Una nueva estrategia
Tras la moción de censura que dio paso a Sánchez a La Moncloa, la estrategia planteada en el conflicto catalán ha sido muy distinta: tras el ‘procés’, que ha dejado profundas heridas en el tejido político y social de Cataluña, el Gobierno ofrece la negociación y el diálogo abiertos, dentro de los límites constitucionales pero sin otras condiciones que la integridad del Estado de Derecho, en busca de una gran mayoría en Cataluña que apoye una reforma transversal. Ello está suponiendo dar protagonismo a la mitad de los catalanes que, siendo tan patriotas como la otra mitad, no quieren la secesión.
Como es bien conocido, la vía de la negociación, que descarta la unilateral que condujo a la ruptura, ha sido en principio aceptada por Esquerra Republicana, que se ha prestado a entronizar a Sánchez en el poder mediante su abstención. Puede, en fin, decirse que la mitad de la sociedad catalana y la mitad del soberanismo catalán están embarcados en una vía pacífica de resolución del conflicto.
Muchos pensamos que este camino es insoportablemente arduo y somos escépticos sobre el resultado que se obtenga, pero creemos que es legítimo y aun necesario emprenderlo para que el Estado se cargue de toda la razón. En todo caso, ya es una evidencia que un sector del nacionalismo que parecía irreductible ha optado también por la política. En estas circunstancias, el PP debería aceptar caballerosamente que esta vía es legítima, siempre que se mantenga intacto el imperio de la ley.
En los setenta, el diálogo obró prodigios en este país, a pesar de los augures que pronosticaban que nos deslizaríamos por el despeñadero, y no tiene por qué ser ahora diferente. Con unas reformas que mantengan lo sustancial del modelo y que hagan más cómoda la instalación de Cataluña en el conjunto, es posible reconstruir el Estado de las Autonomías. Algo que nos interesa a todos, y también al PP, que algún día tendrá que gestionar otra vez el país.

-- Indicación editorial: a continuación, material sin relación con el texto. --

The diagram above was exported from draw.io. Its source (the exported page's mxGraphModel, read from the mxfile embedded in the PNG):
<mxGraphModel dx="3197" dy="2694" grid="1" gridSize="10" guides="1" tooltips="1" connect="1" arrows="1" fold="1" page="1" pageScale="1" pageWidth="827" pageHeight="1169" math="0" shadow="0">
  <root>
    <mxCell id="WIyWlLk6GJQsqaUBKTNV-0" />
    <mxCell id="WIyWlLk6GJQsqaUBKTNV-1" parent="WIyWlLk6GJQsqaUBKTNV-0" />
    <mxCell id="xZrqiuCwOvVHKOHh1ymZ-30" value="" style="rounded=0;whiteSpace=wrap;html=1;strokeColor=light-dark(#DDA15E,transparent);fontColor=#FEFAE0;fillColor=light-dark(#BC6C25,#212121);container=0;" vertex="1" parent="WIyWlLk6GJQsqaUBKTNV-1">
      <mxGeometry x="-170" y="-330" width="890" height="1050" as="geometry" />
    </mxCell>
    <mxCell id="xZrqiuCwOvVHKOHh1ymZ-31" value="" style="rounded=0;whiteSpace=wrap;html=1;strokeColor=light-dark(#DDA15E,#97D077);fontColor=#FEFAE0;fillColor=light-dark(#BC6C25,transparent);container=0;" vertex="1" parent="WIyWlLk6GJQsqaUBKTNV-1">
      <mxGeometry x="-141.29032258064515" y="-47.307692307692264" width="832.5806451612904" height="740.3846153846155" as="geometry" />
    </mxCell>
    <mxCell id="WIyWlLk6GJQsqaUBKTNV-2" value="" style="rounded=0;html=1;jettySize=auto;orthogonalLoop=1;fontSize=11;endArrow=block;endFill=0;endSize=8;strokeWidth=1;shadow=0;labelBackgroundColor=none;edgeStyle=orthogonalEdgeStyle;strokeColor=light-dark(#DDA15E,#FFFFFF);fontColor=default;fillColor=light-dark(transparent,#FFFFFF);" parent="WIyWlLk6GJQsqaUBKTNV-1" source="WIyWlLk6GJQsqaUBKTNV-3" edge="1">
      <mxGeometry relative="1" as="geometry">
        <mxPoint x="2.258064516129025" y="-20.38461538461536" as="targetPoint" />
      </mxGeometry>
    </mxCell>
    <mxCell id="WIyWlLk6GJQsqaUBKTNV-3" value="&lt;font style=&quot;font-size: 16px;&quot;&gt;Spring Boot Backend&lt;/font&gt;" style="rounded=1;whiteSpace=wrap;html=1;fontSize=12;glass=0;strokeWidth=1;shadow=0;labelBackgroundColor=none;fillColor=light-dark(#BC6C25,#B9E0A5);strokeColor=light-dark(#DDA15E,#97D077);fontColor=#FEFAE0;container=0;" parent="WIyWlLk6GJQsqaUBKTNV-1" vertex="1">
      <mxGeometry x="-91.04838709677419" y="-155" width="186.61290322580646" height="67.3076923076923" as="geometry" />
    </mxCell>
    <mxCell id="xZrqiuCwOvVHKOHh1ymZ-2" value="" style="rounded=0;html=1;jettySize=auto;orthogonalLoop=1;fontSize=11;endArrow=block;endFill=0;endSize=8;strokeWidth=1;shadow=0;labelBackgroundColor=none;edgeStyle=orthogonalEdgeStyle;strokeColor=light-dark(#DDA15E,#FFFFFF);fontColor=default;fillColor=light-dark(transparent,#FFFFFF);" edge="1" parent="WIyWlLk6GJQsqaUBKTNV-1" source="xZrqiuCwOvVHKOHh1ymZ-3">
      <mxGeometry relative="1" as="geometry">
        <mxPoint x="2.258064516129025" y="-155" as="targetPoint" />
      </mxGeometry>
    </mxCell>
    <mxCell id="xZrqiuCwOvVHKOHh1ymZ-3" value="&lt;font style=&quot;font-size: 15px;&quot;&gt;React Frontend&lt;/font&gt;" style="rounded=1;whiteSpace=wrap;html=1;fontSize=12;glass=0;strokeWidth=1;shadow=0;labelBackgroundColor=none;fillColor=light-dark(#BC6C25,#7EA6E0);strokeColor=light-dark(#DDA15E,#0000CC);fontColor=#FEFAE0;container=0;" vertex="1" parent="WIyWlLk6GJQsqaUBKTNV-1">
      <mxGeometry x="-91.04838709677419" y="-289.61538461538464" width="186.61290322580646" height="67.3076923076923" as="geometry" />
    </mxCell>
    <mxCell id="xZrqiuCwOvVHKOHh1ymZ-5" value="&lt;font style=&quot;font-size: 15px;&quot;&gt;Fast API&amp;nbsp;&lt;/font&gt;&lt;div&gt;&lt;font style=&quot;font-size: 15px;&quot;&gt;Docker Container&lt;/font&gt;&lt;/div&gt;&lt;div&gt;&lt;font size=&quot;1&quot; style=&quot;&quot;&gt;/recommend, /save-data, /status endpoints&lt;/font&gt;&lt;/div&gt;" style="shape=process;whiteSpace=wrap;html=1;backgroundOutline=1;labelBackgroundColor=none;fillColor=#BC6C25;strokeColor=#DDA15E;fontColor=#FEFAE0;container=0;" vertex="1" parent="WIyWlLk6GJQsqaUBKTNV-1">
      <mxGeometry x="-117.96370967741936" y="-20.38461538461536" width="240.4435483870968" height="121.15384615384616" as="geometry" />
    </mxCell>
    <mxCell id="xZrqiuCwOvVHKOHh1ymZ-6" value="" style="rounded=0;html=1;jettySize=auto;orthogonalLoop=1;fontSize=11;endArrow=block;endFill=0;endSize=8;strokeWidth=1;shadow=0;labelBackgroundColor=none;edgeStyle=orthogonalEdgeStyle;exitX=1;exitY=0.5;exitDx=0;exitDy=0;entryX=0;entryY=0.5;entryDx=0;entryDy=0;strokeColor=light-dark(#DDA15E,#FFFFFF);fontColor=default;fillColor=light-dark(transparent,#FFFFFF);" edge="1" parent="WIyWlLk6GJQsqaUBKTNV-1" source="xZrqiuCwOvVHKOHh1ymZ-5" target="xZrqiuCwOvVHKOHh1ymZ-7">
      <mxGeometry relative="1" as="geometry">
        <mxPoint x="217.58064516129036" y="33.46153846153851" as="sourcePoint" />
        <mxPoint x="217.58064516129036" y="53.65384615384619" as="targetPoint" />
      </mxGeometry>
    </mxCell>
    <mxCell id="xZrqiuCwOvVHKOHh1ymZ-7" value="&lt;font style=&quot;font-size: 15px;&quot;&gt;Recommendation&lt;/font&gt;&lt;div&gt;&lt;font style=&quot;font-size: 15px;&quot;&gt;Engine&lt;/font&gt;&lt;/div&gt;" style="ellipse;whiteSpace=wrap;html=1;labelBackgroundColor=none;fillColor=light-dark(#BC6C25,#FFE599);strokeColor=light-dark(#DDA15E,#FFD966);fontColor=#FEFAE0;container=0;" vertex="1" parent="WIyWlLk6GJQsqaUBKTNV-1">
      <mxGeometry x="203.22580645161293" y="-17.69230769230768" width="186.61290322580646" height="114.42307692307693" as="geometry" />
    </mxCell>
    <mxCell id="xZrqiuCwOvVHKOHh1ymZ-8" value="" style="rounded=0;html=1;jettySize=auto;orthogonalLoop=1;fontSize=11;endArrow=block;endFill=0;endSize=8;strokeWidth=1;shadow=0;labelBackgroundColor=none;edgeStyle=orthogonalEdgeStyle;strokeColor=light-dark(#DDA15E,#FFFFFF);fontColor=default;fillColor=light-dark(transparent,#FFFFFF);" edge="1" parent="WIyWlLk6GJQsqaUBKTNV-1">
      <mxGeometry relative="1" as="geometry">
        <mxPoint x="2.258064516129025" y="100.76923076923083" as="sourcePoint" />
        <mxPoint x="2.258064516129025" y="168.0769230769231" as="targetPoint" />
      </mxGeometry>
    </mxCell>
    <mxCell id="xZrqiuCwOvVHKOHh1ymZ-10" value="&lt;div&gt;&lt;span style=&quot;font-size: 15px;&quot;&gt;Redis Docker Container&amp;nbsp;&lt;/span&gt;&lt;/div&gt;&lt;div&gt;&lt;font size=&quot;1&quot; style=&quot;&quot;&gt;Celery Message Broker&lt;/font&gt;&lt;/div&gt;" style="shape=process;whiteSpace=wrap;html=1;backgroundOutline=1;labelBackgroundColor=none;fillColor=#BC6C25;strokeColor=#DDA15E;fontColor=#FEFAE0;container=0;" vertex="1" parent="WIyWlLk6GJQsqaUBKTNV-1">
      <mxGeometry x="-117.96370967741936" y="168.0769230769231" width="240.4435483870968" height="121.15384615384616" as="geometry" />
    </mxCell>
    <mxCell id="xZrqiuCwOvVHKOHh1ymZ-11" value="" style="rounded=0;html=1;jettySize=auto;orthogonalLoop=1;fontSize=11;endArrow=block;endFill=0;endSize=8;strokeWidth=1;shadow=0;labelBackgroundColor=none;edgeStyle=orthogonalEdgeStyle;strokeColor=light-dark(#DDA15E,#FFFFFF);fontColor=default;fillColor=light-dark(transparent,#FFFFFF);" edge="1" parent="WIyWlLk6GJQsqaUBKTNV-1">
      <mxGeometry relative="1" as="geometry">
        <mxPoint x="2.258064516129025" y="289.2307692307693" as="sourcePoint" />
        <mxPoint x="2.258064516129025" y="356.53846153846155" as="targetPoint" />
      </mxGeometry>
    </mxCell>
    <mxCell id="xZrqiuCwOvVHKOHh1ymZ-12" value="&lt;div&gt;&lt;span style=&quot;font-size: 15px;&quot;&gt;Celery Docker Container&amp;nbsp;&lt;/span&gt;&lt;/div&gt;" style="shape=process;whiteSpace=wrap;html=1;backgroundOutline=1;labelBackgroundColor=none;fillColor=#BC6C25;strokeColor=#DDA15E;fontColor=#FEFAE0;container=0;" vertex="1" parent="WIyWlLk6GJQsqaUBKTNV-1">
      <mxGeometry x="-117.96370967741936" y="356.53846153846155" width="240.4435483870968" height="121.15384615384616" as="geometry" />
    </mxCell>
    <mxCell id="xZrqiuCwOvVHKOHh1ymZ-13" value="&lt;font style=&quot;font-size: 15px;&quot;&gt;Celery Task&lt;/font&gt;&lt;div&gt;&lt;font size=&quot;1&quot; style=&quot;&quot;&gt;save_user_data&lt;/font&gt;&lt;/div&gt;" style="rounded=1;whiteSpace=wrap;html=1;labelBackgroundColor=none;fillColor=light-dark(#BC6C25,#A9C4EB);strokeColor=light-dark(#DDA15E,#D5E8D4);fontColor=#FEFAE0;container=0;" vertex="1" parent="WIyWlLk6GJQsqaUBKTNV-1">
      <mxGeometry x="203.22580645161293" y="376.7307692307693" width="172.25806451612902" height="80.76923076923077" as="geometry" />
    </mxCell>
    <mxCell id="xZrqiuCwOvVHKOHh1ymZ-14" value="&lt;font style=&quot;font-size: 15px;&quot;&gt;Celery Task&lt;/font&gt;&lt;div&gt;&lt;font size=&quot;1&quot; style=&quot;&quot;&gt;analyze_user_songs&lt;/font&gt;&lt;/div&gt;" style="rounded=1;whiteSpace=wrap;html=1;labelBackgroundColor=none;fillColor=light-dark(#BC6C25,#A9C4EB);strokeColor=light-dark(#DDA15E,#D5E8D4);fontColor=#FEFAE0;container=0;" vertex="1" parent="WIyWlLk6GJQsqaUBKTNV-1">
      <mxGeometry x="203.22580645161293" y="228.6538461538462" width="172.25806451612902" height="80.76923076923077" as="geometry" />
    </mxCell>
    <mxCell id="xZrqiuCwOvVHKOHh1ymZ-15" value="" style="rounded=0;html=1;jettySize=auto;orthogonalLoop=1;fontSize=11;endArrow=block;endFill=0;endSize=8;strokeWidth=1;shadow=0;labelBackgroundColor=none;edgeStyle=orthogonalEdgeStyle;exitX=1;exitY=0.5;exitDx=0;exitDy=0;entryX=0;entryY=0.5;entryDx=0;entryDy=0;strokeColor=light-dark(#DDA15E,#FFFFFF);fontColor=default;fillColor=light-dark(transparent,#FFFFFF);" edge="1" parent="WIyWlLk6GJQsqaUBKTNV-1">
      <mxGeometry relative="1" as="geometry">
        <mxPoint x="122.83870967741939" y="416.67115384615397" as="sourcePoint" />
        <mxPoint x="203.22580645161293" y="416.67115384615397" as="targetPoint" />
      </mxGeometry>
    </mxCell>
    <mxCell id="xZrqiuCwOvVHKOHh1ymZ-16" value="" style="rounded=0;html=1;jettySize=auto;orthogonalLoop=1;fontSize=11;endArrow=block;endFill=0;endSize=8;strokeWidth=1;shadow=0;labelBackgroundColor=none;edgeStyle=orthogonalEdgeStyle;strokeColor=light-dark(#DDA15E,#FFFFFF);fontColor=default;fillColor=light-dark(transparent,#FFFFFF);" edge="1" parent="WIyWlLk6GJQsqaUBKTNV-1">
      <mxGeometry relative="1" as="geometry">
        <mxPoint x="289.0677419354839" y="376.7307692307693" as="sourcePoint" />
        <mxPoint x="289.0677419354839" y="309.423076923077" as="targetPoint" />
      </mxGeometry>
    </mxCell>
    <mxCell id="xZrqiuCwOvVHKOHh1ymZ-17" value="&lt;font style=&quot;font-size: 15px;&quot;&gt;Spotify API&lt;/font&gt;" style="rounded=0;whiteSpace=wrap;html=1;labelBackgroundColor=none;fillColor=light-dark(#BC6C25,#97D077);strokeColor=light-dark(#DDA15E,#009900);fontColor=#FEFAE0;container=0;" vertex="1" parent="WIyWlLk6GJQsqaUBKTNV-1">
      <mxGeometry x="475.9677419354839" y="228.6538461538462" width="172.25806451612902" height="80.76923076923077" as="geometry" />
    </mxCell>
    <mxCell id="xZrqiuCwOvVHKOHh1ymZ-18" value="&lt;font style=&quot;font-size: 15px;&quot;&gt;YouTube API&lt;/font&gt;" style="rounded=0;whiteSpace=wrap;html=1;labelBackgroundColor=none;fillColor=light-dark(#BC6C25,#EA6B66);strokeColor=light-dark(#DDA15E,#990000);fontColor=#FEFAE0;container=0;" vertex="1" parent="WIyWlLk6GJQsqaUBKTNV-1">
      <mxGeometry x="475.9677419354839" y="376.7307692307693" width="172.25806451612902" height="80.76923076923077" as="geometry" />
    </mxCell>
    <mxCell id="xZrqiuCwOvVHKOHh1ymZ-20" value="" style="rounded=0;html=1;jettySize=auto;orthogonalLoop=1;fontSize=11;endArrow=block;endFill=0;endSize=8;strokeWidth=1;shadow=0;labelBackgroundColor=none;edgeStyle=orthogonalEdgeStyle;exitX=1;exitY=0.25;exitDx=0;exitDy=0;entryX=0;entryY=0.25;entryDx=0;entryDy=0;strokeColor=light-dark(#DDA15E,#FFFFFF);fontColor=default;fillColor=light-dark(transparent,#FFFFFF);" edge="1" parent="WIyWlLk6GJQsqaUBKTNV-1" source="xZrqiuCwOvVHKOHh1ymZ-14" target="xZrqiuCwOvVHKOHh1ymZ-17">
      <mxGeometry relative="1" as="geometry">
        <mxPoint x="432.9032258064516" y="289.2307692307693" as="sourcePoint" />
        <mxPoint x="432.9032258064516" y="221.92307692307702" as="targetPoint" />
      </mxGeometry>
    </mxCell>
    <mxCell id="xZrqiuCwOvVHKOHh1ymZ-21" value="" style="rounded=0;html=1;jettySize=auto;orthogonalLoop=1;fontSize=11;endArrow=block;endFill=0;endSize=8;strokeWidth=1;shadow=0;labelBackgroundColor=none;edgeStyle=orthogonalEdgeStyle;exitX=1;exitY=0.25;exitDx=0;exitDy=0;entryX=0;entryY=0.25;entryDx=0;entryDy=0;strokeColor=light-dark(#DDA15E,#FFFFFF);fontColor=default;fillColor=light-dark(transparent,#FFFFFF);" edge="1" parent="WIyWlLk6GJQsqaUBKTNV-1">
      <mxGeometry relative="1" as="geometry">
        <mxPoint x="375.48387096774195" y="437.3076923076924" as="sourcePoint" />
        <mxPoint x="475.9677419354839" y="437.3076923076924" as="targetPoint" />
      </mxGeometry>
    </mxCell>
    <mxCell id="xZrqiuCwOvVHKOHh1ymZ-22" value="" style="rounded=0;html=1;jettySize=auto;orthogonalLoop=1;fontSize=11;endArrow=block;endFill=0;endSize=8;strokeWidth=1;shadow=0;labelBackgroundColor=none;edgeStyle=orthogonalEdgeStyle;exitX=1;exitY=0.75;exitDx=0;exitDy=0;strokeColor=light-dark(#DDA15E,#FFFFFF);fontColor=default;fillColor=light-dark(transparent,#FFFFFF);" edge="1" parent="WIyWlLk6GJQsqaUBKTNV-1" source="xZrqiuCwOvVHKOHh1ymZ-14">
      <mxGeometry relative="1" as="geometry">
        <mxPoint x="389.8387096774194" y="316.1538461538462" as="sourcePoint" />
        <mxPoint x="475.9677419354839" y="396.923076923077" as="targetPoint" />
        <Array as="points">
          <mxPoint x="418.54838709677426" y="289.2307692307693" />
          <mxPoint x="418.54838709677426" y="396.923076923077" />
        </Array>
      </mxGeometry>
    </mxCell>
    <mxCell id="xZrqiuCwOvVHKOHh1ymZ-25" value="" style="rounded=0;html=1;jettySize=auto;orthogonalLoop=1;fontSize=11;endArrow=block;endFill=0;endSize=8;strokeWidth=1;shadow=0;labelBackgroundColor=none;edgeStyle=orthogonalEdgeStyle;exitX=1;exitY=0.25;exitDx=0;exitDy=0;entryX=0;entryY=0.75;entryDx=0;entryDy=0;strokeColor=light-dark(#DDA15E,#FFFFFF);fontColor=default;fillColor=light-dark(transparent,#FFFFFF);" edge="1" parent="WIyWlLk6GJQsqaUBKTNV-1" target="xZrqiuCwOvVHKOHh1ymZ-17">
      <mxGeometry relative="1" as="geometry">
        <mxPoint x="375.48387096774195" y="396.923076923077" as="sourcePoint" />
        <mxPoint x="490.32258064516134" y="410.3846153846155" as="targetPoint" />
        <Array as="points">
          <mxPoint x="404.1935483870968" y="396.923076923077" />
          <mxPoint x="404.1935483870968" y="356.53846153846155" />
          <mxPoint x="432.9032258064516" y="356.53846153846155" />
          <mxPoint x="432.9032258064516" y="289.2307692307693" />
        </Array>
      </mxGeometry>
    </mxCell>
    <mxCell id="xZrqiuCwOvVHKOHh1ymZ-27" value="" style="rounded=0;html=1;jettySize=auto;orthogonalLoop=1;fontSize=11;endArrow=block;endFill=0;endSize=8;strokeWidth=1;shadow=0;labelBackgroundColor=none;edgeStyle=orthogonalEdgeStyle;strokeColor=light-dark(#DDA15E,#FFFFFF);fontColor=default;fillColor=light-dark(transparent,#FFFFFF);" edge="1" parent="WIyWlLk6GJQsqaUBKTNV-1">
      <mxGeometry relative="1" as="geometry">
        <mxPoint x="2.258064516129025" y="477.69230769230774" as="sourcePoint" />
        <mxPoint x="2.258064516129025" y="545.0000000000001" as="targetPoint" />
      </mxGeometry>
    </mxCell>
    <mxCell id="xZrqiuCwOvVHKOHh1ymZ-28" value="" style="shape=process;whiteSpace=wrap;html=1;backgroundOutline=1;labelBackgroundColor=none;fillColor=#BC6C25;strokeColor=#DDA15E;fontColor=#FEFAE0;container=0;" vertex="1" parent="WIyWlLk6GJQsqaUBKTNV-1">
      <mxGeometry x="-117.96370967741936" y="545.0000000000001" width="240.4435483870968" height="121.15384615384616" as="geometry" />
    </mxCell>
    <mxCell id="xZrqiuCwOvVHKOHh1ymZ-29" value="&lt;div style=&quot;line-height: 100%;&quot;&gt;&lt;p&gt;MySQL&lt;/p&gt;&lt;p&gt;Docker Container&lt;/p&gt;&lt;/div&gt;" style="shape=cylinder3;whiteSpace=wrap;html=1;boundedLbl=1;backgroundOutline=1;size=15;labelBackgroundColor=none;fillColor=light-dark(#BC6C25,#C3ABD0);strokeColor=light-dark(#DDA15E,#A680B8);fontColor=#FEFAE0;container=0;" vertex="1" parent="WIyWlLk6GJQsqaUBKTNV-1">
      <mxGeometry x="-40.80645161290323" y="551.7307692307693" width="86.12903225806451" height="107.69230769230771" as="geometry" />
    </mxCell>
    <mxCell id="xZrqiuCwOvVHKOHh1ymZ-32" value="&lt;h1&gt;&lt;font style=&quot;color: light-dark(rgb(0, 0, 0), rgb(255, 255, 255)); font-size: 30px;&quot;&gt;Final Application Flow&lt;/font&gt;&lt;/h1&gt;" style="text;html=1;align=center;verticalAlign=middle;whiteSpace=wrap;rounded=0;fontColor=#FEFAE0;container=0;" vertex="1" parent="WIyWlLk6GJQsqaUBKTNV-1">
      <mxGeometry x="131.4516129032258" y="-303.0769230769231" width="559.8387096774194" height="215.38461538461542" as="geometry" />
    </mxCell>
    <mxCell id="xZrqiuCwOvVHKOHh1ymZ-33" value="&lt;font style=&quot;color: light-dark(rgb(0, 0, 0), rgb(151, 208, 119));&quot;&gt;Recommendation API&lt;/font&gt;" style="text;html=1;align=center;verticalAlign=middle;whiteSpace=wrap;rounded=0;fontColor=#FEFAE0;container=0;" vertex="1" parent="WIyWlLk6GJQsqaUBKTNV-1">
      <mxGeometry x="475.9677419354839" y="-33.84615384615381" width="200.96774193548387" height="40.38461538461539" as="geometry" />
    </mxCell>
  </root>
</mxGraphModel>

El PP, sin embargo, está en otras cosas. Casado ha ofrecido —al menos retóricamente— apoyo a Sánchez siempre que deje de negociar con los separatistas y de basar su estabilidad gubernamental en ellos. Lo grave del caso es que Casado no tiene otra opción alternativa, ni mucho menos una repuesta a Esquerra Republicana de Cataluña, que ya está dispuesta a negociar y pactar una solución, siquiera provisional, al conflicto.
Ya se sabe que es de momento muy improbable que el conflicto catalán se resuelva definitivamente, al menos hasta que la Unión Europea avance como auténtica federación y se desvanezcan los afanes soberanistas de las minorías étnicas dispuestas a reclamar un estado propio. Por ello, nuestra obligacion es conllevarlo durante algunas generaciones más, como hicieron los padres de la Constitución hace más de cuarenta años, con un éxito incompleto pero evidente.